◆ **Task details**
Every line in the records below with the string "against" is to be copied out.

◆ **Data section**
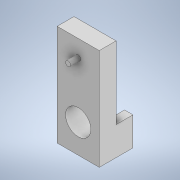
# Autodesk Inventor part: bottom_part
Saved by Autodesk Inventor 2021 (Build 250183000, 183)
## iProperties
Created: 2021-04-02
Part Number: bottom_part
Material: Generic
Document SubType Name: Modeling
Designer: Jawal
Density: 1 g/cm^3
Appearance: Default
Author: Jawal
Autodesk Inventor part; units mm, degrees
note: some values were not read from the file. Chosen so that the rebuilt part matches the saved one: direction of "Emboss1".
ref_plane "YZ Plane" through (0, 0, 0) normal (1, 0, 0) x (0, 1, 0)
ref_plane "XZ Plane" through (0, 0, 0) normal (0, 1, 0) x (-1, 0, 0)
ref_plane "XY Plane" through (0, 0, 0) normal (0, 0, 1) x (1, 0, 0)
sketch "Sketch1" plane through (0, 0, 0) normal (0, 0, 1) x (1, 0, 0)
  line L0 (-12.5, -12.5) -> (12.5, -12.5)
  line L1 (12.5, -12.5) -> (12.5, 47.5)
  line L2 (12.5, 47.5) -> (-12.5, 47.5)
  line L3 (-12.5, 47.5) -> (-12.5, -12.5)
  point P0 (0, 0)
  dimension "d0" = 60
  dimension "d1" = 25
  dimension "d2" = 12.5
  dimension "d5" = 12.5
  constraints: 8 end point, 2 parallel, 1 horizontal, 1 perpendicular
  measures "d0" distance of L0.end L1.end
  measures "d1" distance of L0.start L0.end
  measures "d2" distance from line of L3 point (0, 0)
  measures "d5" distance from line of L0 point (0, 0)
extrude "Extrusion1" add sketch "Sketch1" against normal blind 10
sketch "Sketch2" plane through (0, 0, 0) normal (0, 0, 1) x (1, 0, 0)
  circle A0 centre (0, 37.5) radius 1.5
  point P0 (0, 0)
  dimension "d8" = 3
  dimension "d29" = 37.5
  constraints: 1 centre point
  measures "d8" diameter of A0
  measures "d29" distance of point (0, 0) A0.centre
extrude "Extrusion2" add sketch "Sketch2" along normal blind 6
thread "Thread1" size "M3x0.5" class "6g" standard "ANSI Metric M Profile" full length
sketch "Sketch3" plane through (0, 0, -10) normal (0, 0, -1) x (-1, 0, 0)
  line L0 (-7.5, 4.5) -> (-12.5, 4.5)
  line L1 (-12.5, 47.5) -> (-12.5, -12.5) projected
  line L2 (-12.5, -12.5) -> (12.5, -12.5) projected
  line L3 (-12.5, -12.5) -> (12.5, -12.5)
  line L4 (12.5, -12.5) -> (12.5, 4.5)
  line L5 (12.5, -12.5) -> (12.5, 47.5) projected
  line L6 (7.5, 4.5) -> (12.5, 4.5)
  arc A0 (-7.5, 4.5) -> (7.5, 4.5) centre (0, 4.5) ccw
  point P0 (0, 0)
  dimension "d20" = 17
  dimension "d21" = 5
  dimension "d22" = 5
  dimension "d25" = 7.5
  constraints: 8 end point, 4 point on line, 2 horizontal, 2 point on circle, 1 centre point, 1 perpendicular
  measures "d20" distance of L2.end L4.end
  measures "d21" distance of L6.start L4.end
  measures "d22" distance of L0.start L0.end
  measures "d25" radius of A0
extrude "Extrusion3" add sketch "Sketch3" along normal blind 10
sketch "Sketch5" plane through (0, 0, 0) normal (0, 0, 1) x (1, 0, 0)
  circle A0 centre (0, 4.5) radius 7.5
  point P0 (0, 0)
  dimension "d26" = 15
  constraints: 1 centre point
  measures "d26" diameter of A0
extrude "Extrusion5" cut sketch "Sketch5" against normal blind 10
sketch "Sketch6" plane through (-12.5, -12.5, 0) normal (-1, 0, 0) x (0, 0, 1)
  line L0 (-17.643, 6.905) -> (1.6858, 6.905) construction
  line L1 (1.6858, 6.905) -> (1.6858, -1.4052) construction
  line L2 (1.6858, -1.4052) -> (-17.643, -1.4052) construction
  line L3 (-17.643, -1.4052) -> (-17.643, 6.905) construction
  line L4 (-17.3898, 4.3888) -> (-17.3898, 6.8888)
  line L5 (-17.3898, 6.8888) -> (-15.8257, 6.8888)
  line L6 (-15.8257, 6.8888) -> (-15.8257, 6.593)
  line L7 (-15.8257, 6.593) -> (-17.0575, 6.593)
  line L8 (-17.0575, 6.593) -> (-17.0575, 5.9082)
  line L9 (-17.0575, 5.9082) -> (-15.9088, 5.9082)
  line L10 (-15.9088, 5.9082) -> (-15.9088, 5.6124)
  line L11 (-15.9088, 5.6124) -> (-17.0575, 5.6124)
  line L12 (-17.0575, 5.6124) -> (-17.0575, 4.6846)
  line L13 (-17.0575, 4.6846) -> (-15.8257, 4.6846)
  line L14 (-15.8257, 4.6846) -> (-15.8257, 4.3888)
  line L15 (-15.8257, 4.3888) -> (-17.3898, 4.3888)
  line L16 (-14.0287, 4.3888) -> (-14.4157, 4.3888)
  line L17 (-14.4157, 4.3888) -> (-14.8715, 5.0938)
  line L18 (-14.8715, 5.0938) -> (-15.3395, 4.3888)
  line L19 (-15.3395, 4.3888) -> (-15.6981, 4.3888)
  line L20 (-15.6981, 4.3888) -> (-15.0478, 5.3187)
  line L21 (-15.0478, 5.3187) -> (-15.692, 6.2648)
  line L22 (-15.692, 6.2648) -> (-15.3051, 6.2648)
  line L23 (-15.3051, 6.2648) -> (-14.8513, 5.5658)
  line L24 (-14.8513, 5.5658) -> (-14.3873, 6.2648)
  line L25 (-14.3873, 6.2648) -> (-14.0287, 6.2648)
  line L26 (-14.0287, 6.2648) -> (-14.675, 5.3389)
  line L27 (-14.675, 5.3389) -> (-14.0287, 4.3888)
  line L28 (-13.4615, 4.3888) -> (-13.7775, 4.3888)
  line L29 (-13.7775, 4.3888) -> (-13.7775, 6.2648)
  line L30 (-13.7775, 6.2648) -> (-13.4615, 6.2648)
  line L31 (-13.4615, 6.2648) -> (-13.4615, 4.3888)
  line L32 (-13.4392, 6.5768) -> (-13.7978, 6.5768)
  line L33 (-13.7978, 6.5768) -> (-13.7978, 6.905)
  line L34 (-13.7978, 6.905) -> (-13.4392, 6.905)
  line L35 (-13.4392, 6.905) -> (-13.4392, 6.5768)
  spline S0 degree 2 poles (-12.4303, 4.3523) (-12.6876, 4.3523) (-12.9773, 4.6461) (-12.9773, 4.9641) knots 0 0 0 1 2 2 2
  line L36 (-12.9773, 4.9641) -> (-12.9773, 6.0034)
  line L37 (-12.9773, 6.0034) -> (-13.19, 6.0034)
  line L38 (-13.19, 6.0034) -> (-13.19, 6.2648)
  line L39 (-13.19, 6.2648) -> (-12.9773, 6.2648)
  line L40 (-12.9773, 6.2648) -> (-12.9773, 6.8037)
  line L41 (-12.9773, 6.8037) -> (-12.6612, 6.8037)
  line L42 (-12.6612, 6.8037) -> (-12.6612, 6.2648)
  line L43 (-12.6612, 6.2648) -> (-12.0798, 6.2648)
  line L44 (-12.0798, 6.2648) -> (-12.0798, 6.0034)
  line L45 (-12.0798, 6.0034) -> (-12.6612, 6.0034)
  line L46 (-12.6612, 6.0034) -> (-12.6612, 5.11)
  spline S1 degree 2 poles (-12.6612, 5.11) (-12.6612, 4.9682) (-12.6511, 4.8122) (-12.6167, 4.7453) knots 0 0 0 1 2 2 2
  spline S2 degree 2 poles (-12.6167, 4.7453) (-12.5883, 4.6866) (-12.4607, 4.6278) (-12.3513, 4.6278) knots 0 0 0 1 2 2 2
  spline S3 degree 2 poles (-12.3513, 4.6278) (-12.2743, 4.6278) (-12.1304, 4.6744) (-12.098, 4.6886) knots 0 0 0 1 2 2 2
  line L47 (-12.098, 4.6886) -> (-12.0798, 4.6886)
  line L48 (-12.0798, 4.6886) -> (-12.0798, 4.405)
  spline S4 degree 2 poles (-12.0798, 4.405) (-12.1689, 4.3807) (-12.3513, 4.3523) (-12.4303, 4.3523) knots 0 0 0 1 2 2 2
  line L49 (-8.814, 4.3888) -> (-9.2455, 4.3888)
  line L50 (-9.2455, 4.3888) -> (-10.0356, 5.3835)
  line L51 (-10.0356, 5.3835) -> (-10.4165, 5.3835)
  line L52 (-10.4165, 5.3835) -> (-10.4165, 4.3888)
  line L53 (-10.4165, 4.3888) -> (-10.7487, 4.3888)
  line L54 (-10.7487, 4.3888) -> (-10.7487, 6.8888)
  line L55 (-10.7487, 6.8888) -> (-10.1045, 6.8888)
  spline S5 degree 2 poles (-10.1045, 6.8888) (-9.8898, 6.8888) (-9.6, 6.8422) (-9.4684, 6.7571) knots 0 0 0 1 2 2 2
  spline S6 degree 2 poles (-9.4684, 6.7571) (-9.3367, 6.672) (-9.1847, 6.4066) (-9.1847, 6.2101) knots 0 0 0 1 2 2 2
  spline S7 degree 2 poles (-9.1847, 6.2101) (-9.1847, 5.9366) (-9.4643, 5.5658) (-9.7034, 5.4767) knots 0 0 0 1 2 2 2
  line L56 (-9.7034, 5.4767) -> (-8.814, 4.3888)
  spline S8 degree 2 poles (-9.5312, 6.1838) (-9.5312, 6.2932) (-9.6081, 6.4613) (-9.6892, 6.516) knots 0 0 0 1 2 2 2
  spline S9 degree 2 poles (-9.6892, 6.516) (-9.7601, 6.5626) (-9.9485, 6.6011) (-10.0863, 6.6011) knots 0 0 0 1 2 2 2
  line L57 (-10.0863, 6.6011) -> (-10.4165, 6.6011)
  line L58 (-10.4165, 6.6011) -> (-10.4165, 5.6611)
  line L59 (-10.4165, 5.6611) -> (-10.1248, 5.6611)
  spline S10 degree 2 poles (-10.1248, 5.6611) (-9.9809, 5.6611) (-9.752, 5.7117) (-9.673, 5.7907) knots 0 0 0 1 2 2 2
  spline S11 degree 2 poles (-9.673, 5.7907) (-9.6, 5.8596) (-9.5312, 6.0541) (-9.5312, 6.1838) knots 0 0 0 1 2 2 2
  spline S12 degree 2 poles (-7.5944, 4.5873) (-7.6329, 4.559) (-7.7625, 4.4577) (-7.8233, 4.4273) knots 0 0 0 1 2 2 2
  spline S13 degree 2 poles (-7.8233, 4.4273) (-7.9064, 4.3827) (-8.0624, 4.3361) (-8.2042, 4.3361) knots 0 0 0 1 2 2 2
  spline S14 degree 2 poles (-8.2042, 4.3361) (-8.3197, 4.3361) (-8.5283, 4.4232) (-8.6073, 4.5022) knots 0 0 0 1 2 2 2
  spline S15 degree 2 poles (-8.6073, 4.5022) (-8.6823, 4.5792) (-8.7735, 4.8061) (-8.7735, 4.9317) knots 0 0 0 1 2 2 2
  spline S16 degree 2 poles (-8.7735, 4.9317) (-8.7735, 5.1262) (-8.6094, 5.4017) (-8.4311, 5.4808) knots 0 0 0 1 2 2 2
  spline S17 degree 2 poles (-8.4311, 5.4808) (-8.2731, 5.5537) (-7.8436, 5.6084) (-7.5944, 5.6226) knots 0 0 0 1 2 2 2
  line L60 (-7.5944, 5.6226) -> (-7.5944, 5.6833)
  spline S18 degree 2 poles (-7.5944, 5.6833) (-7.5944, 5.7927) (-7.6612, 5.9285) (-7.722, 5.967) knots 0 0 0 1 2 2 2
  spline S19 degree 2 poles (-7.722, 5.967) (-7.7828, 6.0055) (-7.957, 6.0298) (-8.0502, 6.0298) knots 0 0 0 1 2 2 2
  spline S20 degree 2 poles (-8.0502, 6.0298) (-8.1596, 6.0298) (-8.4554, 5.965) (-8.6033, 5.9021) knots 0 0 0 1 2 2 2
  line L61 (-8.6033, 5.9021) -> (-8.6215, 5.9021)
  line L62 (-8.6215, 5.9021) -> (-8.6215, 6.2243)
  spline S21 degree 2 poles (-8.6215, 6.2243) (-8.5344, 6.2486) (-8.2082, 6.3094) (-8.0482, 6.3094) knots 0 0 0 1 2 2 2
  spline S22 degree 2 poles (-8.0482, 6.3094) (-7.8537, 6.3094) (-7.5883, 6.2486) (-7.4829, 6.1696) knots 0 0 0 1 2 2 2
  spline S23 degree 2 poles (-7.4829, 6.1696) (-7.3796, 6.0926) (-7.2783, 5.8474) (-7.2783, 5.6712) knots 0 0 0 1 2 2 2
  line L63 (-7.2783, 5.6712) -> (-7.2783, 4.3888)
  line L64 (-7.2783, 4.3888) -> (-7.5944, 4.3888)
  line L65 (-7.5944, 4.3888) -> (-7.5944, 4.5873)
  line L66 (-7.5944, 4.8507) -> (-7.5944, 5.3714)
  spline S24 degree 2 poles (-7.5944, 5.3714) (-7.7078, 5.3612) (-8.0502, 5.3268) (-8.1576, 5.2944) knots 0 0 0 1 2 2 2
  spline S25 degree 2 poles (-8.1576, 5.2944) (-8.2832, 5.2559) (-8.4473, 5.0958) (-8.4473, 4.954) knots 0 0 0 1 2 2 2
  spline S26 degree 2 poles (-8.4473, 4.954) (-8.4473, 4.7919) (-8.265, 4.6278) (-8.0907, 4.6278) knots 0 0 0 1 2 2 2
  spline S27 degree 2 poles (-8.0907, 4.6278) (-7.9428, 4.6278) (-7.6997, 4.7555) (-7.5944, 4.8507) knots 0 0 0 1 2 2 2
  line L67 (-4.7074, 4.3888) -> (-4.7074, 5.4747)
  spline S28 degree 2 poles (-4.7074, 5.4747) (-4.7074, 5.6043) (-4.7277, 5.8252) (-4.7601, 5.8859) knots 0 0 0 1 2 2 2
  spline S29 degree 2 poles (-4.7601, 5.8859) (-4.7925, 5.9528) (-4.9161, 6.0176) (-5.0235, 6.0176) knots 0 0 0 1 2 2 2
  spline S30 degree 2 poles (-5.0235, 6.0176) (-5.1207, 6.0176) (-5.3436, 5.8981) (-5.4611, 5.7846) knots 0 0 0 1 2 2 2
  spline S31 degree 2 poles (-5.4611, 5.7846) (-5.459, 5.7563) (-5.455, 5.6773) (-5.455, 5.6246) knots 0 0 0 1 2 2 2
  line L68 (-5.455, 5.6246) -> (-5.455, 4.3888)
  line L69 (-5.455, 4.3888) -> (-5.771, 4.3888)
  line L70 (-5.771, 4.3888) -> (-5.771, 5.4747)
  spline S32 degree 2 poles (-5.771, 5.4747) (-5.771, 5.6043) (-5.7913, 5.8252) (-5.8237, 5.8859) knots 0 0 0 1 2 2 2
  spline S33 degree 2 poles (-5.8237, 5.8859) (-5.8561, 5.9528) (-5.9797, 6.0176) (-6.0871, 6.0176) knots 0 0 0 1 2 2 2
  spline S34 degree 2 poles (-6.0871, 6.0176) (-6.1884, 6.0176) (-6.4133, 5.89) (-6.5186, 5.7907) knots 0 0 0 1 2 2 2
  line L71 (-6.5186, 5.7907) -> (-6.5186, 4.3888)
  line L72 (-6.5186, 4.3888) -> (-6.8346, 4.3888)
  line L73 (-6.8346, 4.3888) -> (-6.8346, 6.2648)
  line L74 (-6.8346, 6.2648) -> (-6.5186, 6.2648)
  line L75 (-6.5186, 6.2648) -> (-6.5186, 6.0581)
  spline S35 degree 2 poles (-6.5186, 6.0581) (-6.395, 6.1817) (-6.1519, 6.3175) (-6.006, 6.3175) knots 0 0 0 1 2 2 2
  spline S36 degree 2 poles (-6.006, 6.3175) (-5.8399, 6.3175) (-5.5826, 6.1655) (-5.5158, 5.9933) knots 0 0 0 1 2 2 2
  spline S37 degree 2 poles (-5.5158, 5.9933) (-5.3719, 6.1534) (-5.1004, 6.3175) (-4.9424, 6.3175) knots 0 0 0 1 2 2 2
  spline S38 degree 2 poles (-4.9424, 6.3175) (-4.8209, 6.3175) (-4.6223, 6.2425) (-4.5494, 6.1574) knots 0 0 0 1 2 2 2
  spline S39 degree 2 poles (-4.5494, 6.1574) (-4.4744, 6.0723) (-4.3914, 5.8171) (-4.3914, 5.6246) knots 0 0 0 1 2 2 2
  line L76 (-4.3914, 5.6246) -> (-4.3914, 4.3888)
  line L77 (-4.3914, 4.3888) -> (-4.7074, 4.3888)
  spline S40 degree 2 poles (-2.3756, 5.3774) (-2.3756, 4.9074) (-2.8233, 4.3523) (-3.1657, 4.3523) knots 0 0 0 1 2 2 2
  spline S41 degree 2 poles (-3.1657, 4.3523) (-3.3055, 4.3523) (-3.5202, 4.4171) (-3.6316, 4.484) knots 0 0 0 1 2 2 2
  line L78 (-3.6316, 4.484) -> (-3.6316, 3.6979)
  line L79 (-3.6316, 3.6979) -> (-3.9477, 3.6979)
  line L80 (-3.9477, 3.6979) -> (-3.9477, 6.2648)
  line L81 (-3.9477, 6.2648) -> (-3.6316, 6.2648)
  line L82 (-3.6316, 6.2648) -> (-3.6316, 6.0683)
  spline S42 degree 2 poles (-3.6316, 6.0683) (-3.5141, 6.1756) (-3.2265, 6.3175) (-3.0583, 6.3175) knots 0 0 0 1 2 2 2
  spline S43 degree 2 poles (-3.0583, 6.3175) (-2.7362, 6.3175) (-2.3756, 5.8069) (-2.3756, 5.3774) knots 0 0 0 1 2 2 2
  spline S44 degree 2 poles (-2.7017, 5.341) (-2.7017, 5.6631) (-2.9064, 6.0176) (-3.1353, 6.0176) knots 0 0 0 1 2 2 2
  spline S45 degree 2 poles (-3.1353, 6.0176) (-3.269, 6.0176) (-3.5202, 5.8981) (-3.6316, 5.8049) knots 0 0 0 1 2 2 2
  line L83 (-3.6316, 5.8049) -> (-3.6316, 4.7393)
  spline S46 degree 2 poles (-3.6316, 4.7393) (-3.5081, 4.6805) (-3.3318, 4.6359) (-3.2184, 4.6359) knots 0 0 0 1 2 2 2
  spline S47 degree 2 poles (-3.2184, 4.6359) (-2.9732, 4.6359) (-2.7017, 4.9966) (-2.7017, 5.341) knots 0 0 0 1 2 2 2
  point P0 (0, 12.5)
  constraints: 2 other
emboss "Emboss1" sketch "Sketch6" operation cut depth 1 direction (1, 0, 0)
equation "\"d2\" = 0.5 * d1"
body "Solid1"

◆ **Solution to this exercise**
extrude "Extrusion1" add sketch "Sketch1" against normal blind 10
extrude "Extrusion5" cut sketch "Sketch5" against normal blind 10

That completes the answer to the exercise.